In Figure 5, we show the application of our roofline trajectory methodology for applications with user-defined operation. In such case, we can determine only the memory rooflines, but the computational capabilities would need to be user-defined. Both IS and UA generate irregular accesses. Following other floating-point benchmarks, UA experiences scaling that involves  $\Delta x < 0$  as we increase the concurrency on Haswell. Although sorting algorithms, such as IS, typically generate irregular access, we do not notice much  $\Delta x$  change while scaling due to the use of bucket sorting. The cache filters most of the irregular accesses and the traffic to memory remains stable while strong scaling. We also notice severe performance degradation once we start exploiting hyper-threading. Signifi-

cant performance drop is observed on the KNL architecture.
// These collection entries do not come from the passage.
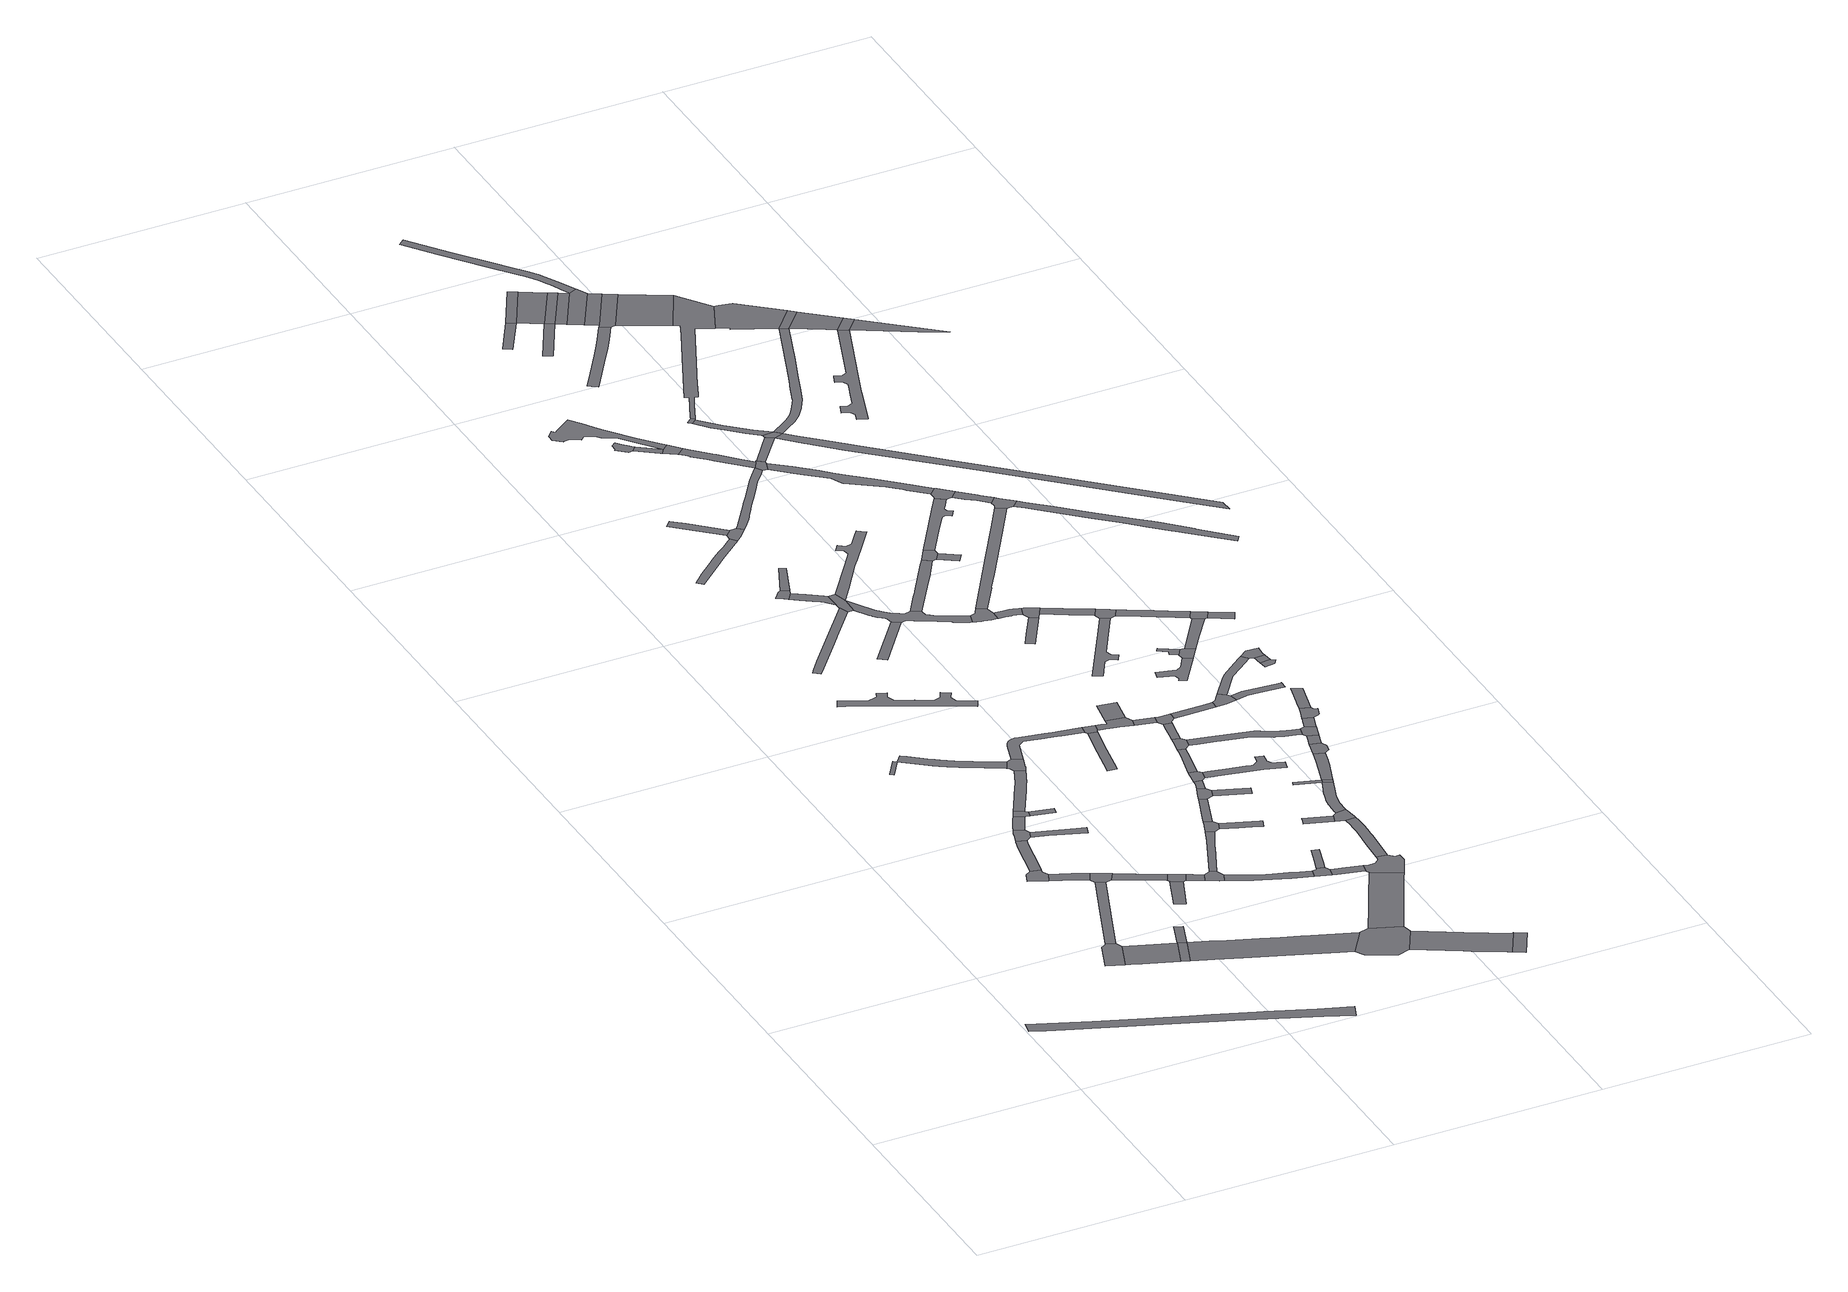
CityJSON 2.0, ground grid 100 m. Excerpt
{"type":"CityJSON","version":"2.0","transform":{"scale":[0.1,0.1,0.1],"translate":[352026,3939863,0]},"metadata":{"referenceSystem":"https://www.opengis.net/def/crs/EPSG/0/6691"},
"CityObjects":{
"road1":{"type":"Road","attributes":{"RoadStructureAttribute.sectionType":"1"},"geometry":[{"type":"MultiSurface","lod":"1","boundaries":[[[0,1,2,3,4,5,6,7,8,9,10,11,12,13,14,15,16,17,18]]]}]},
"road2":{"type":"Road","geometry":[{"type":"MultiSurface","lod":"1","boundaries":[[[19,20,21,22,23,24,25,26]]]}]},
"road3":{"type":"Road","attributes":{"RoadStructureAttribute.sectionType":"1"},"geometry":[{"type":"MultiSurface","lod":"1","boundaries":[[[27,28,29,30,31,32,19,26]]]}]},
"road4":{"type":"Road","geometry":[{"type":"MultiSurface","lod":"1","boundaries":[[[33,34,35,36,37,38,39,40,41,42,43]]]}]},
"road5":{"type":"Road","attributes":{"RoadStructureAttribute.sectionType":"1"},"geometry":[{"type":"MultiSurface","lod":"1","boundaries":[[[44,21,20,45,46,47]]]}]},
"road6":{"type":"Road","geometry":[{"type":"MultiSurface","lod":"1","boundaries":[[[31,30,48,49]]]}]},
"road7":{"type":"Road","attributes":{"RoadStructureAttribute.sectionType":"1"},"geometry":[{"type":"MultiSurface","lod":"1","boundaries":[[[50,51,41,40,52,53,54,55,56,57,58,59]]]}]},
"road8":{"type":"Road","attributes":{"RoadStructureAttribute.sectionType":"1"},"geometry":[{"type":"MultiSurface","lod":"1","boundaries":[[[60,61,62,63,64,65,38,37,66,67,68,69,70]]]}]},
"road9":{"type":"Road","geometry":[{"type":"MultiSurface","lod":"1","boundaries":[[[71,72,31,49]]]}]},
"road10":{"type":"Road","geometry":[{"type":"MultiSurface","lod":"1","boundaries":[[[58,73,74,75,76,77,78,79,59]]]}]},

# B. Weak-scaling Trajectories

Weak scaling involves changing the problem size as we increase the computation resources. NPB increases problem sizes by  $4\times$  as we change the problem size from one class to the other up to class C. Weak scaling plot reduces the impact of runtime overheads on performance.

Using our roofline trajectory methodology to assess weak scaling could provide insights into the benchmark dependence on temporal locality. As shown in Figure 6, LU has a  $\Delta x > 0$  transitions during weak-scaling on the KNL cache hierarchy. Haswell's trajectory follows the opposite trend  $\Delta x < 0$ . This behavior indicates that LU has a common working set between the compute threads. This attribute is difficult to capture using code inspection because such common dataset stems from false sharing. Interference could reduce the effectiveness of keeping this working set in the cache. Only a few applications have weak scaling without a change in  $\Delta x$ , e.g. IS.

The weak-scaling analysis on KNL in particular could provide insights into what kind of cache interference is happening; whether the interference is between the threads involved in the computation, or the cache eviction happens due to changing phases. On KNL, a  $\Delta x < 0$  when threads are scattered indicates self-interference, *i.e.* cache evictions between different phases of computations. We observed such behavior



Fig. 3: Scaling trajectories for OpenMP-based FT kernel and mini-applications BT, SP on KNL vs. Haswell. These benchmarks show sensitivity to cache hierarchy and exhibit significant  $\Delta x$  transitions.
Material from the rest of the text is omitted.